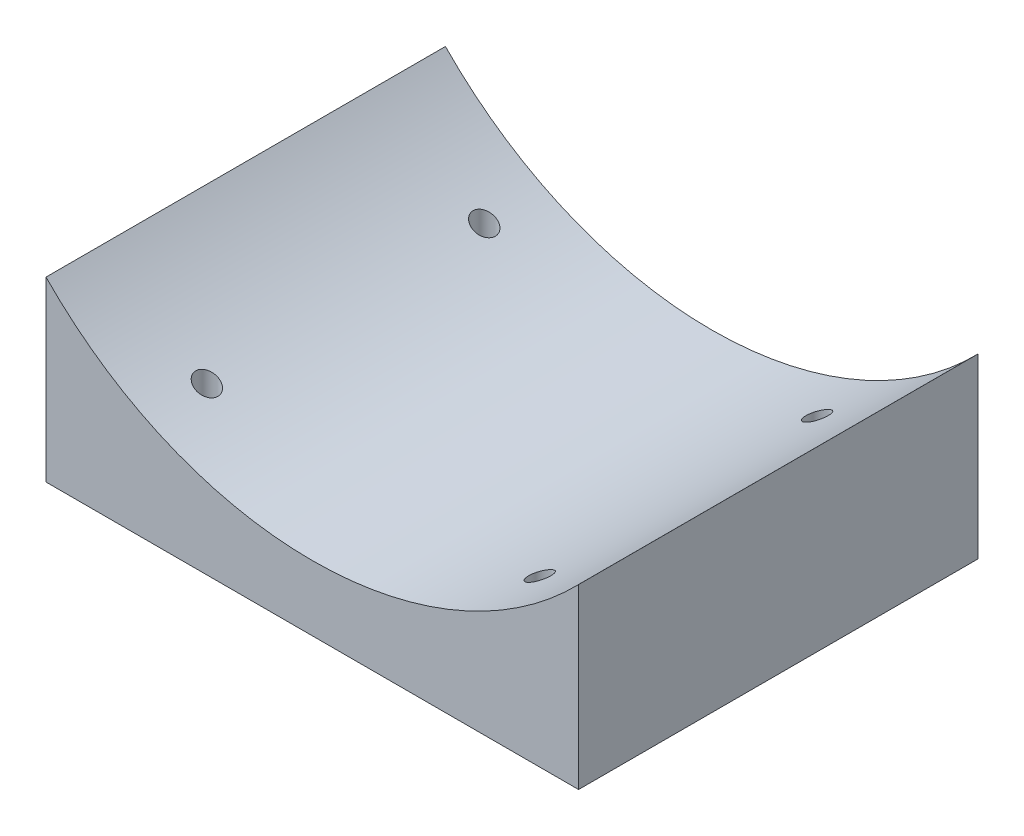
from build123d import *

# Parameters (mm, degrees)
IZIM1_R                     = 167.5
IZIM1_R_2                   = 148
Y_KSEKLIK_EKSTR_ZYON2_DEPTH = 185.3
IZIM9_R                     = 3.4
KES_EKSTR_ZYON1_DEPTH       = 15
IZIM10_W                    = 5
IZIM10_H                    = 16.407796145
Y_KSEKLIK_EKSTR_ZYON3_DEPTH = 180
IZIM13_W                    = 308.627991419
IZIM13_H                    = 53.891387346
KES_EKSTR_ZYON2_DEPTH       = 333
IZIM12_R                    = 5
KES_EKSTR_ZYON3_DEPTH       = 333


with BuildPart() as part:
    # Çizim1 → Yükseklik-Ekstrüzyon2 (new body)
    with BuildSketch(Plane.XY):
        Circle(IZIM1_R)
        Circle(IZIM1_R_2, mode=Mode.SUBTRACT)
    extrude(amount=Y_KSEKLIK_EKSTR_ZYON2_DEPTH)

    # Çizim9 → Kes-Ekstrüzyon1 (cut)
    with BuildSketch(Plane(origin=(0, 0, 0), x_dir=(-1, 0, 0), z_dir=(0, 0, -1))):
        with Locations((107.349895203, -112.5)):
            Circle(IZIM9_R)
        with Locations((-107.349895203, -112.5)):
            Circle(IZIM9_R)
        with Locations((-107.349895203, 112.5)):
            Circle(IZIM9_R)
        with Locations((107.349895203, 112.5)):
            Circle(IZIM9_R)
    kes_ekstr_zyon1 = extrude(amount=-KES_EKSTR_ZYON1_DEPTH, mode=Mode.SUBTRACT)

    # Çizim10 → Döndür1 (revolve)
    with BuildSketch(Plane(origin=(0, 0, 0), x_dir=(0, 0, -1), z_dir=(1, 0, 0)), mode=Mode.PRIVATE) as d_nd_r1_sk:
        with Locations((-32.5, 150.703898073)):
            Rectangle(IZIM10_W, IZIM10_H)
    revolve(d_nd_r1_sk.sketch.rotate(Axis((0, 0, 0), (0, 0, 1)), 90), axis=Axis((0, 0, 0), (0, 0, 1)))

    # Aynalama1: Kes-Ekstrüzyon1 across plane
    add(kes_ekstr_zyon1.mirror(Plane(origin=(0, 0, 92.65), x_dir=(1, 0, 0), z_dir=(0, 0, -1))), mode=Mode.SUBTRACT)


with BuildPart() as body_2:
    # Çizim11 → Yükseklik-Ekstrüzyon3 (new body)
    with BuildSketch(Plane.XY):
        with BuildLine():
            Line((120, -116.859958925), (120, -200))
            Line((120, -200), (-120, -200))
            Line((-120, -200), (-120, -116.859958925))
            ThreePointArc((-120, -116.859958925), (0, -167.5), (120, -116.859958925))
        make_face()
    extrude(amount=Y_KSEKLIK_EKSTR_ZYON3_DEPTH)

    # Çizim13 → Kes-Ekstrüzyon2 (cut)
    with BuildSketch(Plane.XY.offset(180)):
        with Locations((-6.112680509, -223.805652598)):
            Rectangle(IZIM13_W, IZIM13_H)
    extrude(amount=-KES_EKSTR_ZYON2_DEPTH, mode=Mode.SUBTRACT)

    # Çizim12 → Kes-Ekstrüzyon3 (cut)
    with BuildSketch(Plane.XZ.offset(200)):
        with Locations((-75, 152.5)):
            Circle(IZIM12_R)
        with Locations((75, 152.5)):
            Circle(IZIM12_R)
        with Locations((75, 27.5)):
            Circle(IZIM12_R)
        with Locations((-75, 27.5)):
            Circle(IZIM12_R)
    extrude(amount=-KES_EKSTR_ZYON3_DEPTH, mode=Mode.SUBTRACT)


solid = body_2.part
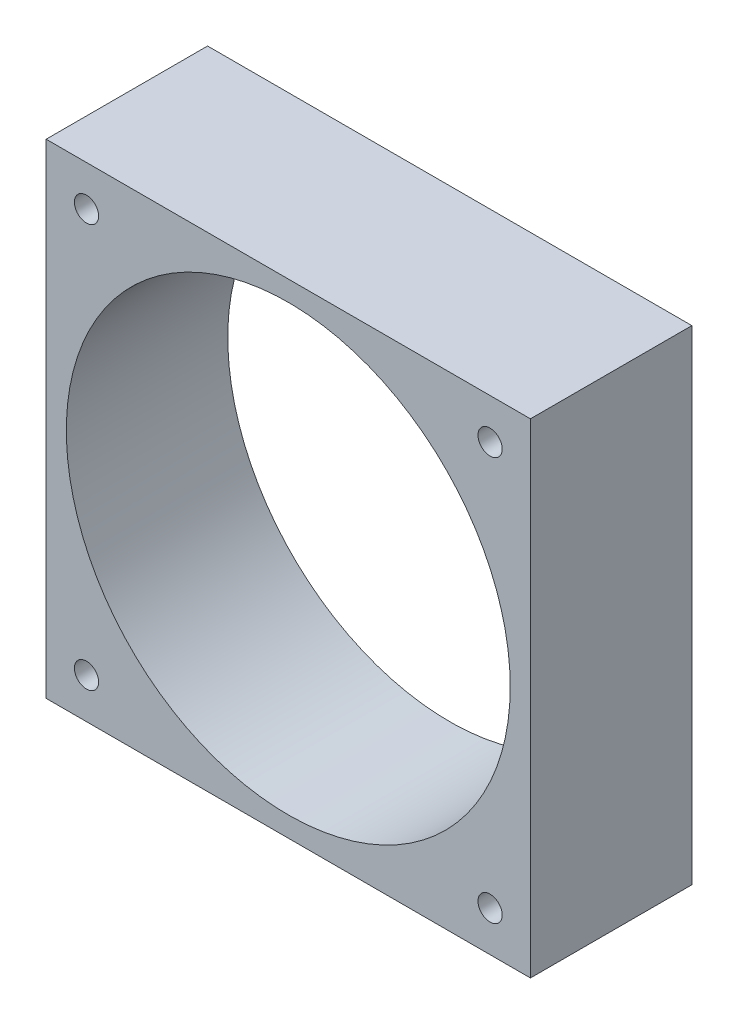
from build123d import *

# Parameters (mm, degrees)
ESBO_O1_W                = 60
ESBO_O1_H                = 60
ESBO_O1_R                = 1.5
ESBO_O1_R_2              = 27.5
RESSALTO_EXTRUS_O1_DEPTH = 20


with BuildPart() as part:
    # Esboço1 → Ressalto-extrusão1 (new body)
    with BuildSketch(Plane.XY):
        Rectangle(ESBO_O1_W, ESBO_O1_H)
        with Locations((25, 25)):
            Circle(ESBO_O1_R, mode=Mode.SUBTRACT)
        with Locations((-25, 25)):
            Circle(ESBO_O1_R, mode=Mode.SUBTRACT)
        with Locations((-25, -25)):
            Circle(ESBO_O1_R, mode=Mode.SUBTRACT)
        with Locations((25, -25)):
            Circle(ESBO_O1_R, mode=Mode.SUBTRACT)
        Circle(ESBO_O1_R_2, mode=Mode.SUBTRACT)
    extrude(amount=RESSALTO_EXTRUS_O1_DEPTH)


solid = part.part
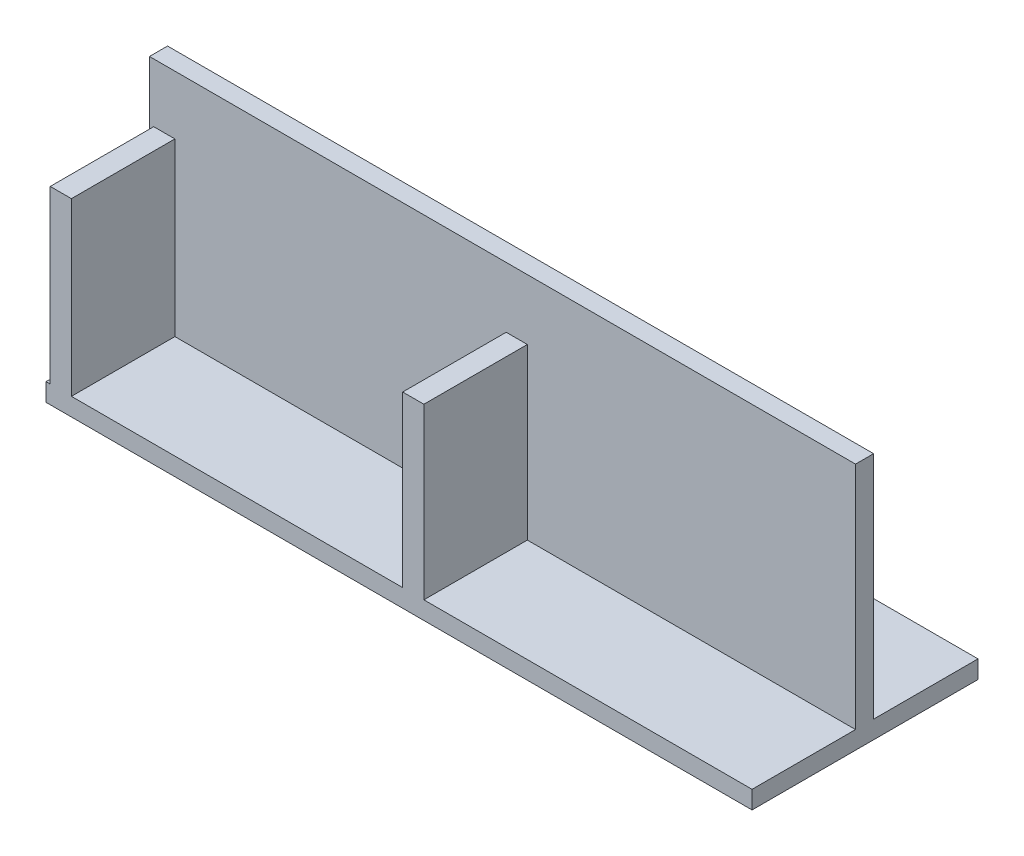
from build123d import *

# Parameters (mm, degrees)
SKETCH1_W           = 317.5
SKETCH1_H           = 101.6
BOSS_EXTRUDE1_DEPTH = 8.0518
BOSS_EXTRUDE2_START = 8.0518
SKETCH2_W           = 317.5
SKETCH2_H           = 8.128
BOSS_EXTRUDE2_DEPTH = 103.378
BOSS_EXTRUDE3_START = 8.0518
SKETCH3_W           = 9.525
SKETCH3_H           = 46.5328
BOSS_EXTRUDE3_DEPTH = 76.9874
BOSS_EXTRUDE4_START = 8.0518
SKETCH3_3_W         = 9.525
SKETCH3_3_H         = 46.5328
BOSS_EXTRUDE4_DEPTH = 76.1746


with BuildPart() as part:
    # Sketch1 → Boss-Extrude1 (new body)
    with BuildSketch(Plane(origin=(0, 0, 0), x_dir=(1, 0, 0), z_dir=(0, 1, 0))):
        with Locations((158.75, 50.8)):
            Rectangle(SKETCH1_W, SKETCH1_H)
    extrude(amount=BOSS_EXTRUDE1_DEPTH)

    # Sketch2 → Boss-Extrude2 (add)
    with BuildSketch(Plane(origin=(0, 0, 0), x_dir=(1, 0, 0), z_dir=(0, 1, 0)).offset(BOSS_EXTRUDE2_START)):
        with Locations((158.75, 50.5968)):
            Rectangle(SKETCH2_W, SKETCH2_H)
    extrude(amount=BOSS_EXTRUDE2_DEPTH)

    # Sketch3 → Boss-Extrude3 (add)
    with BuildSketch(Plane(origin=(0, 0, 0), x_dir=(1, 0, 0), z_dir=(0, 1, 0)).offset(BOSS_EXTRUDE3_START)):
        with Locations((6.6675, 23.2664)):
            Rectangle(SKETCH3_W, SKETCH3_H)
    extrude(amount=BOSS_EXTRUDE3_DEPTH)

    # Sketch3<3> → Boss-Extrude4 (add)
    with BuildSketch(Plane(origin=(0, 0, 0), x_dir=(1, 0, 0), z_dir=(0, 1, 0)).offset(BOSS_EXTRUDE4_START)):
        with Locations((165.1635, 23.2664)):
            Rectangle(SKETCH3_3_W, SKETCH3_3_H)
    extrude(amount=BOSS_EXTRUDE4_DEPTH)


solid = part.part

» **Problem to solve**
All lines above from the one with "Circle(IZIM1_R)" to the one with "# Çizim13 → Kes-Ekstrüzyon2 (cut)", inclusive, should be copied exactly, and no other lines.

» **Task result**
        Circle(IZIM1_R)
        Circle(IZIM1_R_2, mode=Mode.SUBTRACT)
    extrude(amount=Y_KSEKLIK_EKSTR_ZYON2_DEPTH)

    # Çizim9 → Kes-Ekstrüzyon1 (cut)
    with BuildSketch(Plane(origin=(0, 0, 0), x_dir=(-1, 0, 0), z_dir=(0, 0, -1))):
        with Locations((107.349895203, -112.5)):
            Circle(IZIM9_R)
        with Locations((-107.349895203, -112.5)):
            Circle(IZIM9_R)
        with Locations((-107.349895203, 112.5)):
            Circle(IZIM9_R)
        with Locations((107.349895203, 112.5)):
            Circle(IZIM9_R)
    kes_ekstr_zyon1 = extrude(amount=-KES_EKSTR_ZYON1_DEPTH, mode=Mode.SUBTRACT)

    # Çizim10 → Döndür1 (revolve)
    with BuildSketch(Plane(origin=(0, 0, 0), x_dir=(0, 0, -1), z_dir=(1, 0, 0)), mode=Mode.PRIVATE) as d_nd_r1_sk:
        with Locations((-32.5, 150.703898073)):
            Rectangle(IZIM10_W, IZIM10_H)
    revolve(d_nd_r1_sk.sketch.rotate(Axis((0, 0, 0), (0, 0, 1)), 90), axis=Axis((0, 0, 0), (0, 0, 1)))

    # Aynalama1: Kes-Ekstrüzyon1 across plane
    add(kes_ekstr_zyon1.mirror(Plane(origin=(0, 0, 92.65), x_dir=(1, 0, 0), z_dir=(0, 0, -1))), mode=Mode.SUBTRACT)


with BuildPart() as body_2:
    # Çizim11 → Yükseklik-Ekstrüzyon3 (new body)
    with BuildSketch(Plane.XY):
        with BuildLine():
            Line((120, -116.859958925), (120, -200))
            Line((120, -200), (-120, -200))
            Line((-120, -200), (-120, -116.859958925))
            ThreePointArc((-120, -116.859958925), (0, -167.5), (120, -116.859958925))
        make_face()
    extrude(amount=Y_KSEKLIK_EKSTR_ZYON3_DEPTH)

    # Çizim13 → Kes-Ekstrüzyon2 (cut)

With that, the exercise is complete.